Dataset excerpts
━━━━
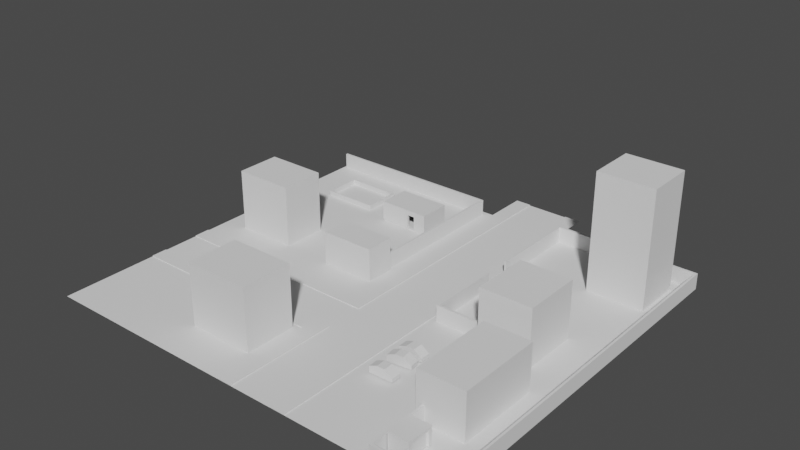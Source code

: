 # Source: Mapikka.blend  (saved by Blender 2.91.10; exported with 4.5.12 LTS)
import bpy
from mathutils import Matrix  # noqa: F401  (used for matrix-valued properties, if any)

bpy.ops.wm.read_factory_settings(use_empty=True)
scene = bpy.context.scene
scene.name = 'Scene'

# ---- collections
col_env = bpy.data.collections.new('Env'); scene.collection.children.link(col_env)
col_buildings = bpy.data.collections.new('Buildings'); col_env.children.link(col_buildings)
col_home = bpy.data.collections.new('Home'); col_buildings.children.link(col_home)
col_props = bpy.data.collections.new('Props'); col_env.children.link(col_props)
col_sketches = bpy.data.collections.new('Sketches'); col_env.children.link(col_sketches)
col_refu = bpy.data.collections.new('Refu'); scene.collection.children.link(col_refu)

# ---- images (referenced by path relative to the original .blend; pixels are not part of the script)
import os
ASSET_DIR = os.environ.get("B2B_ASSET_DIR", "")  # directory of the original .blend (textures are referenced by path, not embedded)
HERE = os.path.dirname(os.path.abspath(__file__))  # packed textures are extracted next to this script under _unpacked/

def load_image(name, relpath, width, height, colorspace="sRGB"):
    """Load a texture the original file referenced (path relative to the .blend, or extracted next to this script)."""
    p = next((c for c in (os.path.join(HERE, relpath), os.path.join(ASSET_DIR, relpath)) if relpath and os.path.exists(c)), "")
    if p:
        img = bpy.data.images.load(p, check_existing=True)
        img.name = name
    else:  # same state as the original file: an image datablock whose file is absent (Cycles renders it pink)
        img = bpy.data.images.new(name, width, height)
        img.source = "FILE"
        img.filepath = "//" + (relpath or name)
    img.colorspace_settings.name = colorspace
    return img
img_abandoned_slipway_8k_hdr = load_image('abandoned_slipway_8k.hdr', 'abandoned_slipway_8k.hdr', 1024, 1024, 'Linear Rec.709')

# ---- world
world_world = bpy.data.worlds.new('World'); scene.world = world_world
world_world.use_nodes = True; world_world.node_tree.nodes.clear()
_N = world_world.node_tree.nodes; _L = world_world.node_tree.links
n0 = _N.new('ShaderNodeMapping'); n0.name = 'Mapping'; n0.location = (27, 394)
n0.inputs[2].default_value = (-1.571, 0.0, 0.0)
n1 = _N.new('ShaderNodeTexCoord'); n1.name = 'Texture Coordinate'; n1.location = (-270, 355)
n2 = _N.new('ShaderNodeOutputWorld'); n2.name = 'World Output'; n2.location = (794, 319)
n3 = _N.new('ShaderNodeBackground'); n3.name = 'Background'; n3.location = (574, 296)
n3.inputs[0].default_value = (0.05509, 0.05509, 0.05509, 1.0)
n4 = _N.new('ShaderNodeTexImage'); n4.name = 'Image Texture'; n4.location = (247, 321)
n4.image = img_abandoned_slipway_8k_hdr
_L.new(n0.outputs[0], n4.inputs[0])
_L.new(n1.outputs[0], n0.inputs[0])
_L.new(n3.outputs[0], n2.inputs[0])
n2.is_active_output = True
world_world.use_sun_shadow = False
world_world.sun_shadow_jitter_overblur = 0.0

# ---- meshes
me_plane_005 = bpy.data.meshes.new('Plane.005')
me_plane_005.from_pydata([(-14.63, 27.09, 3.755), (-5.164, 27.09, 3.755), (-14.79, 33.21, 3.919), (-5.0, 33.21, 3.919), (-14.63, 27.09, 0.4557), (-14.79, 33.21, 0.2913), (-5.164, 27.09, 0.4557), (-5.0, 33.21, 0.2913), (-14.7, 27.18, -1.192e-07), (-14.7, 33.11, -1.192e-07), (-5.092, 27.18, -1.192e-07), (-5.092, 33.11, -1.192e-07), (-14.7, 33.11, 0.2913), (-14.7, 27.18, 0.2913), (-5.092, 27.18, 0.2913), (-5.092, 33.11, 0.2913), (-5.0, 27.09, 3.919), (-14.79, 27.09, 3.919), (-14.79, 27.09, 0.2913), (-5.0, 27.09, 0.2913), (-8.92, 27.09, 3.755), (-8.92, 27.09, 0.4557), (-7.43, 27.09, 3.755), (-7.43, 27.09, 0.4557), (-8.92, 27.09, 2.938), (-7.43, 27.09, 2.938), (-5.164, 27.09, 2.938), (-14.63, 27.09, 2.938), (-7.43, 27.57, 0.4557), (-8.92, 27.57, 0.4557), (-8.92, 27.57, 2.938), (-7.43, 27.57, 2.938)], [], [(17, 16, 3, 2), (5, 18, 17, 2), (23, 6, 26, 25), (19, 7, 3, 16), (7, 5, 2, 3), (7, 19, 14, 15), (18, 5, 12, 13), (11, 9, 12, 15), (10, 11, 15, 14), (8, 10, 14, 13), (9, 8, 13, 12), (19, 18, 13, 14), (5, 7, 15, 12), (0, 20, 22, 1, 16, 17), (4, 27, 0, 17, 18), (1, 26, 6, 19, 16), (6, 23, 21, 4, 18, 19), (4, 21, 24, 27), (25, 24, 30, 31), (27, 24, 20, 0), (24, 25, 22, 20), (25, 26, 1, 22), (23, 25, 31, 28), (21, 23, 28, 29), (24, 21, 29, 30), (13, 12, 15, 14)])
_uv = me_plane_005.uv_layers.new(name='UVMap')
_uv.uv.foreach_set('vector', [-14.79, 27.09, -5.0, 27.09, -5.0, 33.21, -14.79, 33.21, -33.21, 0.2913, -27.09, 0.2913, -27.09, 3.919, -33.21, 3.919, -7.43, 0.4557, -5.164, 0.4557, -5.164, 2.938, -7.43, 2.938, 27.09, 0.2913, 33.21, 0.2913, 33.21, 3.919, 27.09, 3.919, 5.0, 0.2913, 14.79, 0.2913, 14.79, 3.919, 5.0, 3.919, 5.0, 33.21, 5.0, 27.09, 5.092, 27.18, 5.092, 33.11, 14.79, 27.09, 14.79, 33.21, 14.7, 33.11, 14.7, 27.18, 5.092, -1.192e-07, 14.7, -1.192e-07, 14.7, 0.2913, 5.092, 0.2913, 27.18, -1.192e-07, 33.11, -1.192e-07, 33.11, 0.2913, 27.18, 0.2913, -14.7, -1.192e-07, -5.092, -1.192e-07, -5.092, 0.2913, -14.7, 0.2913, -33.11, -1.192e-07, -27.18, -1.192e-07, -27.18, 0.2913, -33.11, 0.2913, 5.0, 27.09, 14.79, 27.09, 14.7, 27.18, 5.092, 27.18, 14.79, 33.21, 5.0, 33.21, 5.092, 33.11, 14.7, 33.11, -14.63, 3.755, -8.92, 3.755, -7.43, 3.755, -5.164, 3.755, -5.0, 3.919, -14.79, 3.919, -14.63, 0.4557, -14.63, 2.938, -14.63, 3.755, -14.79, 3.919, -14.79, 0.2913, -5.164, 3.755, -5.164, 2.938, -5.164, 0.4557, -5.0, 0.2913, -5.0, 3.919, -5.164, 0.4557, -7.43, 0.4557, -8.92, 0.4557, -14.63, 0.4557, -14.79, 0.2913, -5.0, 0.2913, -14.63, 0.4557, -8.92, 0.4557, -8.92, 2.938, -14.63, 2.938, 7.43, 27.09, 8.92, 27.09, 8.92, 27.57, 7.43, 27.57, -14.63, 2.938, -8.92, 2.938, -8.92, 3.755, -14.63, 3.755, -8.92, 2.938, -7.43, 2.938, -7.43, 3.755, -8.92, 3.755, -7.43, 2.938, -5.164, 2.938, -5.164, 3.755, -7.43, 3.755, -27.09, 0.4557, -27.09, 2.938, -27.57, 2.938, -27.57, 0.4557, -8.92, 27.09, -7.43, 27.09, -7.43, 27.57, -8.92, 27.57, 27.09, 2.938, 27.09, 0.4557, 27.57, 0.4557, 27.57, 2.938, 14.7, 27.18, 14.7, 33.11, 5.092, 33.11, 5.092, 27.18])
_ca = me_plane_005.color_attributes.new('Col', 'BYTE_COLOR', 'CORNER')
_ca.data.foreach_set('color', [1.0, 1.0, 1.0, 1.0, 1.0, 1.0, 1.0, 1.0, 1.0, 1.0, 1.0, 1.0, 1.0, 1.0, 1.0, 1.0, 1.0, 1.0, 1.0, 1.0, 1.0, 1.0, 1.0, 1.0, 1.0, 1.0, 1.0, 1.0, 1.0, 1.0, 1.0, 1.0, 1.0, 1.0, 1.0, 1.0, 1.0, 1.0, 1.0, 1.0, 1.0, 1.0, 1.0, 1.0, 1.0, 1.0, 1.0, 1.0, 1.0, 1.0, 1.0, 1.0, 1.0, 1.0, 1.0, 1.0, 1.0, 1.0, 1.0, 1.0, 1.0, 1.0, 1.0, 1.0, 1.0, 1.0, 1.0, 1.0, 1.0, 1.0, 1.0, 1.0, 1.0, 1.0, 1.0, 1.0, 1.0, 1.0, 1.0, 1.0, 1.0, 1.0, 1.0, 1.0, 1.0, 1.0, 1.0, 1.0, 1.0, 1.0, 1.0, 1.0, 1.0, 1.0, 1.0, 1.0, 1.0, 1.0, 1.0, 1.0, 1.0, 1.0, 1.0, 1.0, 1.0, 1.0, 1.0, 1.0, 1.0, 1.0, 1.0, 1.0, 1.0, 1.0, 1.0, 1.0, 1.0, 1.0, 1.0, 1.0, 1.0, 1.0, 1.0, 1.0, 1.0, 1.0, 1.0, 1.0, 1.0, 1.0, 1.0, 1.0, 1.0, 1.0, 1.0, 1.0, 1.0, 1.0, 1.0, 1.0, 1.0, 1.0, 1.0, 1.0, 1.0, 1.0, 1.0, 1.0, 1.0, 1.0, 1.0, 1.0, 1.0, 1.0, 1.0, 1.0, 1.0, 1.0, 1.0, 1.0, 1.0, 1.0, 1.0, 1.0, 1.0, 1.0, 1.0, 1.0, 1.0, 1.0, 1.0, 1.0, 1.0, 1.0, 1.0, 1.0, 1.0, 1.0, 1.0, 1.0, 1.0, 1.0, 1.0, 1.0, 1.0, 1.0, 1.0, 1.0, 1.0, 1.0, 1.0, 1.0, 1.0, 1.0, 1.0, 1.0, 1.0, 1.0, 1.0, 1.0, 1.0, 1.0, 1.0, 1.0, 1.0, 1.0, 1.0, 1.0, 1.0, 1.0, 1.0, 1.0, 1.0, 1.0, 1.0, 1.0, 1.0, 1.0, 1.0, 1.0, 1.0, 1.0, 1.0, 1.0, 1.0, 1.0, 1.0, 1.0, 1.0, 1.0, 1.0, 1.0, 1.0, 1.0, 1.0, 1.0, 1.0, 1.0, 1.0, 1.0, 1.0, 1.0, 1.0, 1.0, 1.0, 1.0, 1.0, 1.0, 1.0, 1.0, 1.0, 1.0, 1.0, 1.0, 1.0, 1.0, 1.0, 1.0, 1.0, 1.0, 1.0, 1.0, 1.0, 1.0, 1.0, 1.0, 1.0, 1.0, 1.0, 1.0, 1.0, 1.0, 1.0, 1.0, 1.0, 1.0, 1.0, 1.0, 1.0, 1.0, 1.0, 1.0, 1.0, 1.0, 1.0, 1.0, 1.0, 1.0, 1.0, 1.0, 1.0, 1.0, 1.0, 1.0, 1.0, 1.0, 1.0, 1.0, 1.0, 1.0, 1.0, 1.0, 1.0, 1.0, 1.0, 1.0, 1.0, 1.0, 1.0, 1.0, 1.0, 1.0, 1.0, 1.0, 1.0, 1.0, 1.0, 1.0, 1.0, 1.0, 1.0, 1.0, 1.0, 1.0, 1.0, 1.0, 1.0, 1.0, 1.0, 1.0, 1.0, 1.0, 1.0, 1.0, 1.0, 1.0, 1.0, 1.0, 1.0, 1.0, 1.0, 1.0, 1.0, 1.0, 1.0, 1.0, 1.0, 1.0, 1.0, 1.0, 1.0, 1.0, 1.0, 1.0, 1.0, 1.0, 1.0, 1.0, 1.0, 1.0, 1.0, 1.0, 1.0, 1.0, 1.0, 1.0, 1.0, 1.0, 1.0, 1.0, 1.0, 1.0, 1.0, 1.0, 1.0, 1.0, 1.0, 1.0, 1.0, 1.0, 1.0, 1.0, 1.0, 1.0, 1.0, 1.0, 1.0, 1.0, 1.0, 1.0, 1.0, 1.0, 1.0, 1.0, 1.0, 1.0, 1.0, 1.0, 1.0, 1.0, 1.0, 1.0, 1.0, 1.0, 1.0, 1.0, 1.0, 1.0, 1.0, 1.0, 1.0, 1.0, 1.0, 1.0, 1.0, 1.0, 1.0, 1.0, 1.0, 1.0, 1.0, 1.0, 1.0, 1.0, 1.0, 1.0, 1.0, 1.0, 1.0, 1.0, 1.0, 1.0, 1.0, 1.0, 1.0, 1.0, 1.0, 1.0, 1.0, 1.0])
me_plane_005.use_remesh_fix_poles = True
me_plane_005.use_remesh_preserve_attributes = False
me_plane_005.use_mirror_vertex_groups = False
me_plane_005.update()
me_cube_001 = bpy.data.meshes.new('Cube.001')
me_cube_001.from_pydata([(-1.0, -0.9083, 0.2822), (-1.0, -0.9083, 1.489), (-1.0, 0.9083, 0.2822), (-1.0, 0.9083, 1.489), (3.395, -0.9083, 0.2822), (3.395, 0.9083, 0.2822), (1.93, 0.9083, 0.2822), (0.4649, 0.9083, 0.2822), (0.4649, 0.9083, 2.065), (0.4649, -0.9083, 0.2822), (1.93, -0.9083, 0.2822), (0.4649, -0.9083, 2.065), (1.93, 0.9083, 2.065), (3.395, 0.9083, 0.9937), (3.395, -0.9083, 0.9937), (1.93, -0.9083, 2.065)], [], [(0, 1, 3, 2), (6, 12, 13, 5), (5, 13, 14, 4), (9, 11, 1, 0), (6, 5, 4, 10), (8, 3, 1, 11), (12, 8, 11, 15), (2, 7, 9, 0), (7, 6, 10, 9), (4, 14, 15, 10), (10, 15, 11, 9), (2, 3, 8, 7), (7, 8, 12, 6), (12, 15, 14, 13)])
_uv = me_cube_001.uv_layers.new(name='UVMap')
_uv.uv.foreach_set('vector', [0.8325, 0.2822, 0.8325, 1.489, -0.8325, 1.489, -0.8325, 0.2822, -1.93, 0.2822, -1.93, 2.065, -3.395, 0.9937, -3.395, 0.2822, 0.8325, 0.2822, 0.8325, 0.9937, -0.8325, 0.9937, -0.8325, 0.2822, 0.4649, 0.2822, 0.4649, 2.065, -1.0, 1.489, -1.0, 0.2822, -1.93, 0.8325, -3.395, 0.8325, -3.395, -0.8325, -1.93, -0.8325, 0.4649, 0.8325, -1.0, 0.8325, -1.0, -0.8325, 0.4649, -0.8325, 1.93, 0.8325, 0.4649, 0.8325, 0.4649, -0.8325, 1.93, -0.8325, 1.0, 0.8325, -0.4649, 0.8325, -0.4649, -0.8325, 1.0, -0.8325, -0.4649, 0.8325, -1.93, 0.8325, -1.93, -0.8325, -0.4649, -0.8325, 3.395, 0.2822, 3.395, 0.9937, 1.93, 2.065, 1.93, 0.2822, 1.93, 0.2822, 1.93, 2.065, 0.4649, 2.065, 0.4649, 0.2822, 1.0, 0.2822, 1.0, 1.489, -0.4649, 2.065, -0.4649, 0.2822, -0.4649, 0.2822, -0.4649, 2.065, -1.93, 2.065, -1.93, 0.2822, 1.93, 0.8325, 1.93, -0.8325, 3.395, -0.8325, 3.395, 0.8325])
me_cube_001.use_remesh_fix_poles = True
me_cube_001.use_remesh_preserve_attributes = False
me_cube_001.use_mirror_vertex_groups = False
me_cube_001.update()
me_plane = bpy.data.meshes.new('Plane')
me_plane.from_pydata([(-13.67, -20.46, 0.0), (-1.37, -20.46, 0.0), (-13.67, -10.78, 0.0), (-1.37, -10.78, 0.0), (-1.37, -10.78, 11.59), (-13.67, -10.78, 11.59), (-1.37, -20.46, 11.59), (-13.67, -20.46, 11.59)], [], [(0, 2, 3, 1), (7, 6, 4, 5), (2, 0, 7, 5), (0, 1, 6, 7), (1, 3, 4, 6), (3, 2, 5, 4)])
_uv = me_plane.uv_layers.new(name='UVMap')
_uv.uv.foreach_set('vector', [13.67, -14.78, 13.67, -5.109, 1.37, -5.109, 1.37, -14.78, -13.67, -14.78, -1.37, -14.78, -1.37, -5.109, -13.67, -5.109, 5.109, 0.0, 14.78, 0.0, 14.78, 11.59, 5.109, 11.59, -13.67, 0.0, -1.37, 0.0, -1.37, 11.59, -13.67, 11.59, -14.78, 0.0, -5.109, 0.0, -5.109, 11.59, -14.78, 11.59, 1.37, 0.0, 13.67, 0.0, 13.67, 11.59, 1.37, 11.59])
_ca = me_plane.color_attributes.new('Col', 'BYTE_COLOR', 'CORNER')
_ca.data.foreach_set('color', [1.0, 1.0, 1.0, 1.0, 1.0, 1.0, 1.0, 1.0, 1.0, 1.0, 1.0, 1.0, 1.0, 1.0, 1.0, 1.0, 1.0, 1.0, 1.0, 1.0, 1.0, 1.0, 1.0, 1.0, 1.0, 1.0, 1.0, 1.0, 1.0, 1.0, 1.0, 1.0, 1.0, 1.0, 1.0, 1.0, 1.0, 1.0, 1.0, 1.0, 1.0, 1.0, 1.0, 1.0, 1.0, 1.0, 1.0, 1.0, 1.0, 1.0, 1.0, 1.0, 1.0, 1.0, 1.0, 1.0, 1.0, 1.0, 1.0, 1.0, 1.0, 1.0, 1.0, 1.0, 1.0, 1.0, 1.0, 1.0, 1.0, 1.0, 1.0, 1.0, 1.0, 1.0, 1.0, 1.0, 1.0, 1.0, 1.0, 1.0, 1.0, 1.0, 1.0, 1.0, 1.0, 1.0, 1.0, 1.0, 1.0, 1.0, 1.0, 1.0, 1.0, 1.0, 1.0, 1.0])
me_plane.use_remesh_fix_poles = True
me_plane.use_remesh_preserve_attributes = False
me_plane.use_mirror_vertex_groups = False
me_plane.update()
me_plane_002 = bpy.data.meshes.new('Plane.002')
me_plane_002.from_pydata([(-37.0, 3.0, 0.0), (0.0, 3.0, 0.0), (-37.0, 42.0, 0.0), (0.0, 42.0, 0.0), (-37.0, -28.0, 0.0), (0.0, -28.0, 0.0), (-37.0, -10.0, 0.0), (0.0, -10.0, 0.0), (14.0, -28.0, 0.0), (42.0, -28.0, 0.0), (14.0, 42.0, 0.0), (42.0, 42.0, 0.0)], [], [(0, 1, 3, 2), (4, 5, 7, 6), (8, 9, 11, 10)])
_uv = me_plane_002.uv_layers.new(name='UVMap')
━━━━
Work item — Wherever a line above contains "scene", copy that line.

Your solution —
scene = bpy.context.scene
scene.name = 'Scene'
col_env = bpy.data.collections.new('Env'); scene.collection.children.link(col_env)
col_refu = bpy.data.collections.new('Refu'); scene.collection.children.link(col_refu)
world_world = bpy.data.worlds.new('World'); scene.world = world_world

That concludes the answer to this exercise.